Why is it important to rebreed right away? I'd like to know because I am too sentimental and I don't see it from the "physical" aspect. Lol. Not sure I say it right... Can something happen physically if not rebred right away?


----------



## Leaf

This is a general question for anyone who has knowledge on the subject:

Could this have happened due to stress of a move etc - I'd assume yes, but to make the question twofold - are there any health concerns or anything of the nature that could make this a reocurring happening?


----------



## MsBinky

Yeah, I thought the stress could have been the cause that's why I was thinking maybe letting her settle in properly would help with the next litter. 

You're right about wondering if there is something else causing it that would reoccur.

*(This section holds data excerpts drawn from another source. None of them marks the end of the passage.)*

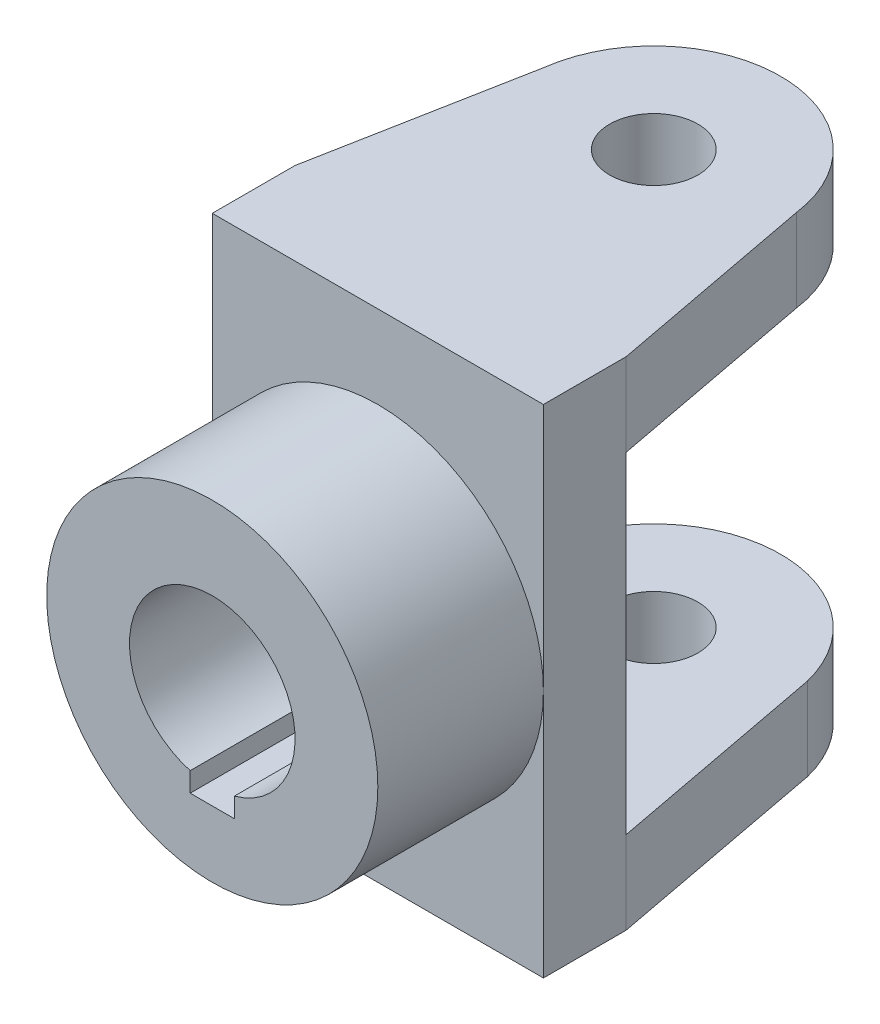
ISO-10303-21;
HEADER;
FILE_DESCRIPTION(('STEP AP214'),'2;1');
FILE_NAME('part.step','',(''),(''),'','','');
FILE_SCHEMA(('AUTOMOTIVE_DESIGN { 1 0 10303 214 1 1 1 1 }'));
ENDSEC;
DATA;
#1=APPLICATION_CONTEXT('core data for automotive mechanical design processes');
#2=APPLICATION_PROTOCOL_DEFINITION('international standard','automotive_design',2000,#1);
#3=PRODUCT_CONTEXT('',#1,'mechanical');
#4=PRODUCT('Part','Part','',(#3));
#5=PRODUCT_RELATED_PRODUCT_CATEGORY('part','',(#4));
#6=PRODUCT_DEFINITION_FORMATION('','',#4);
#7=PRODUCT_DEFINITION_CONTEXT('part definition',#1,'design');
#8=PRODUCT_DEFINITION('design','',#6,#7);
#9=PRODUCT_DEFINITION_SHAPE('','',#8);
#10=(LENGTH_UNIT() NAMED_UNIT(*) SI_UNIT(.MILLI.,.METRE.));
#11=(NAMED_UNIT(*) PLANE_ANGLE_UNIT() SI_UNIT($,.RADIAN.));
#12=(NAMED_UNIT(*) SI_UNIT($,.STERADIAN.) SOLID_ANGLE_UNIT());
#13=UNCERTAINTY_MEASURE_WITH_UNIT(LENGTH_MEASURE(1.E-05),#10,'distance_accuracy_value','');
#14=(GEOMETRIC_REPRESENTATION_CONTEXT(3) GLOBAL_UNCERTAINTY_ASSIGNED_CONTEXT((#13)) GLOBAL_UNIT_ASSIGNED_CONTEXT((#10,
#11,#12)) REPRESENTATION_CONTEXT('',''));
#15=CARTESIAN_POINT('',(0.,0.,0.));
#16=DIRECTION('',(0.,0.,1.));
#17=DIRECTION('',(1.,0.,0.));
#18=AXIS2_PLACEMENT_3D('',#15,#16,#17);
#19=CARTESIAN_POINT('',(0.,0.,0.));
#20=DIRECTION('',(0.,0.,1.));
#21=DIRECTION('',(1.,0.,0.));
#22=AXIS2_PLACEMENT_3D('',#19,#20,#21);
#23=PLANE('',#22);
#24=DIRECTION('',(1.,0.,0.));
#25=VECTOR('',#24,1.);
#26=CARTESIAN_POINT('',(0.,-30.,0.));
#27=LINE('',#26,#25);
#28=CARTESIAN_POINT('',(-30.,-30.,0.));
#29=VERTEX_POINT('',#28);
#30=CARTESIAN_POINT('',(30.,-30.,0.));
#31=VERTEX_POINT('',#30);
#32=EDGE_CURVE('E183',#29,#31,#27,.T.);
#33=ORIENTED_EDGE('',*,*,#32,.F.);
#34=DIRECTION('',(0.,-1.,0.));
#35=VECTOR('',#34,1.);
#36=CARTESIAN_POINT('',(-30.,45.,0.));
#37=LINE('',#36,#35);
#38=CARTESIAN_POINT('',(-30.,30.,0.));
#39=VERTEX_POINT('',#38);
#40=EDGE_CURVE('E335',#39,#29,#37,.T.);
#41=ORIENTED_EDGE('',*,*,#40,.F.);
#42=DIRECTION('',(1.,0.,0.));
#43=VECTOR('',#42,1.);
#44=CARTESIAN_POINT('',(-30.,30.,0.));
#45=LINE('',#44,#43);
#46=CARTESIAN_POINT('',(30.,30.,0.));
#47=VERTEX_POINT('',#46);
#48=EDGE_CURVE('E247',#39,#47,#45,.T.);
#49=ORIENTED_EDGE('',*,*,#48,.T.);
#50=DIRECTION('',(0.,1.,0.));
#51=VECTOR('',#50,1.);
#52=CARTESIAN_POINT('',(30.,45.,0.));
#53=LINE('',#52,#51);
#54=EDGE_CURVE('E76',#31,#47,#53,.T.);
#55=ORIENTED_EDGE('',*,*,#54,.F.);
#56=EDGE_LOOP('',(#33,#41,#49,#55));
#57=FACE_BOUND('',#56,.T.);
#58=ADVANCED_FACE('F58',(#57),#23,.F.);
#59=CARTESIAN_POINT('',(0.,0.,15.));
#60=DIRECTION('',(0.,0.,1.));
#61=DIRECTION('',(1.,0.,0.));
#62=AXIS2_PLACEMENT_3D('',#59,#60,#61);
#63=PLANE('',#62);
#64=CARTESIAN_POINT('',(0.,0.,15.));
#65=DIRECTION('',(0.,0.,1.));
#66=DIRECTION('',(1.,0.,0.));
#67=AXIS2_PLACEMENT_3D('',#64,#65,#66);
#68=CIRCLE('',#67,30.);
#69=CARTESIAN_POINT('',(30.,0.,15.));
#70=VERTEX_POINT('',#69);
#71=CARTESIAN_POINT('',(-30.,0.,15.));
#72=VERTEX_POINT('',#71);
#73=EDGE_CURVE('E69',#70,#72,#68,.T.);
#74=ORIENTED_EDGE('',*,*,#73,.F.);
#75=DIRECTION('',(0.,1.,0.));
#76=VECTOR('',#75,1.);
#77=CARTESIAN_POINT('',(30.,45.,15.));
#78=LINE('',#77,#76);
#79=CARTESIAN_POINT('',(30.,45.,15.));
#80=VERTEX_POINT('',#79);
#81=EDGE_CURVE('E320',#70,#80,#78,.T.);
#82=ORIENTED_EDGE('',*,*,#81,.T.);
#83=DIRECTION('',(-1.,0.,0.));
#84=VECTOR('',#83,1.);
#85=CARTESIAN_POINT('',(-30.,45.,15.));
#86=LINE('',#85,#84);
#87=CARTESIAN_POINT('',(-30.,45.,15.));
#88=VERTEX_POINT('',#87);
#89=EDGE_CURVE('E319',#80,#88,#86,.T.);
#90=ORIENTED_EDGE('',*,*,#89,.T.);
#91=DIRECTION('',(0.,-1.,0.));
#92=VECTOR('',#91,1.);
#93=CARTESIAN_POINT('',(-30.,45.,15.));
#94=LINE('',#93,#92);
#95=EDGE_CURVE('E324',#88,#72,#94,.T.);
#96=ORIENTED_EDGE('',*,*,#95,.T.);
#97=EDGE_LOOP('',(#74,#82,#90,#96));
#98=FACE_BOUND('',#97,.T.);
#99=ADVANCED_FACE('F410',(#98),#63,.T.);
#100=CARTESIAN_POINT('',(30.,45.,15.));
#101=DIRECTION('',(-1.,0.,0.));
#102=DIRECTION('',(0.,-1.,0.));
#103=AXIS2_PLACEMENT_3D('',#100,#101,#102);
#104=PLANE('',#103);
#105=CARTESIAN_POINT('',(30.,-45.,0.));
#106=VERTEX_POINT('',#105);
#107=EDGE_CURVE('E332',#106,#31,#53,.T.);
#108=ORIENTED_EDGE('',*,*,#107,.T.);
#109=ORIENTED_EDGE('',*,*,#54,.T.);
#110=DIRECTION('',(0.,1.,0.));
#111=VECTOR('',#110,1.);
#112=CARTESIAN_POINT('',(30.,30.,0.));
#113=LINE('',#112,#111);
#114=CARTESIAN_POINT('',(30.,45.,0.));
#115=VERTEX_POINT('',#114);
#116=EDGE_CURVE('E262',#47,#115,#113,.T.);
#117=ORIENTED_EDGE('',*,*,#116,.T.);
#118=DIRECTION('',(0.,0.,-1.));
#119=VECTOR('',#118,1.);
#120=CARTESIAN_POINT('',(30.,45.,15.));
#121=LINE('',#120,#119);
#122=EDGE_CURVE('E62',#80,#115,#121,.T.);
#123=ORIENTED_EDGE('',*,*,#122,.F.);
#124=ORIENTED_EDGE('',*,*,#81,.F.);
#125=CARTESIAN_POINT('',(30.,-45.,15.));
#126=VERTEX_POINT('',#125);
#127=EDGE_CURVE('E316',#126,#70,#78,.T.);
#128=ORIENTED_EDGE('',*,*,#127,.F.);
#129=DIRECTION('',(0.,0.,-1.));
#130=VECTOR('',#129,1.);
#131=CARTESIAN_POINT('',(30.,-45.,15.));
#132=LINE('',#131,#130);
#133=EDGE_CURVE('E331',#126,#106,#132,.T.);
#134=ORIENTED_EDGE('',*,*,#133,.T.);
#135=EDGE_LOOP('',(#108,#109,#117,#123,#124,#128,#134));
#136=FACE_BOUND('',#135,.T.);
#137=ADVANCED_FACE('F60',(#136),#104,.F.);
#138=CARTESIAN_POINT('',(-30.,45.,15.));
#139=DIRECTION('',(0.,-1.,0.));
#140=DIRECTION('',(0.,0.,-1.));
#141=AXIS2_PLACEMENT_3D('',#138,#139,#140);
#142=PLANE('',#141);
#143=ORIENTED_EDGE('',*,*,#122,.T.);
#144=DIRECTION('',(-0.185979050214473,0.,-0.982553709921917));
#145=VECTOR('',#144,1.);
#146=CARTESIAN_POINT('',(30.,45.,0.));
#147=LINE('',#146,#145);
#148=CARTESIAN_POINT('',(22.7945088201798,45.,-38.0676322541571));
#149=VERTEX_POINT('',#148);
#150=EDGE_CURVE('E231',#115,#149,#147,.T.);
#151=ORIENTED_EDGE('',*,*,#150,.T.);
#152=CARTESIAN_POINT('',(0.,45.,-35.));
#153=DIRECTION('',(0.,1.,0.));
#154=DIRECTION('',(0.,0.,1.));
#155=AXIS2_PLACEMENT_3D('',#152,#153,#154);
#156=CIRCLE('',#155,23.);
#157=CARTESIAN_POINT('',(-22.7945088201798,45.,-38.0676322541571));
#158=VERTEX_POINT('',#157);
#159=EDGE_CURVE('E255',#149,#158,#156,.T.);
#160=ORIENTED_EDGE('',*,*,#159,.T.);
#161=DIRECTION('',(0.185979050214473,0.,-0.982553709921917));
#162=VECTOR('',#161,1.);
#163=CARTESIAN_POINT('',(-30.,45.,0.));
#164=LINE('',#163,#162);
#165=CARTESIAN_POINT('',(-30.,45.,0.));
#166=VERTEX_POINT('',#165);
#167=EDGE_CURVE('E240',#166,#158,#164,.T.);
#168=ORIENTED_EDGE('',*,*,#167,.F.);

I'm really interested in how it works with breeding and how to make that decision to rebreed right away or not. I'm not being sarcastic at all, I'd really like to know.


----------



## pamnock

*MsBinky wrote: *


> Pam,
> 
> Why is it important to rebreed right away? I'd like to know because I am too sentimental and I don't see it from the "physical" aspect. Lol. Not sure I say it right... Can something happen physically if not rebred right away?



Does that are left sitting idle have a tendency to build up more fat around the reproductive organs, decreasing chances of conception and increasing chances of birthing difficulties. They are a prey animal designed for rapid reproduction due to their short life span.

There can be many factors as to why the doe may have lost the litter. Winter breeding depression and sudden death of litters at this time of year is common. Genetic health factors can also be a cause of dead litters. A general rule of "3 strikes and your out" is used when determining whether or not to keep a doe in a breeding program.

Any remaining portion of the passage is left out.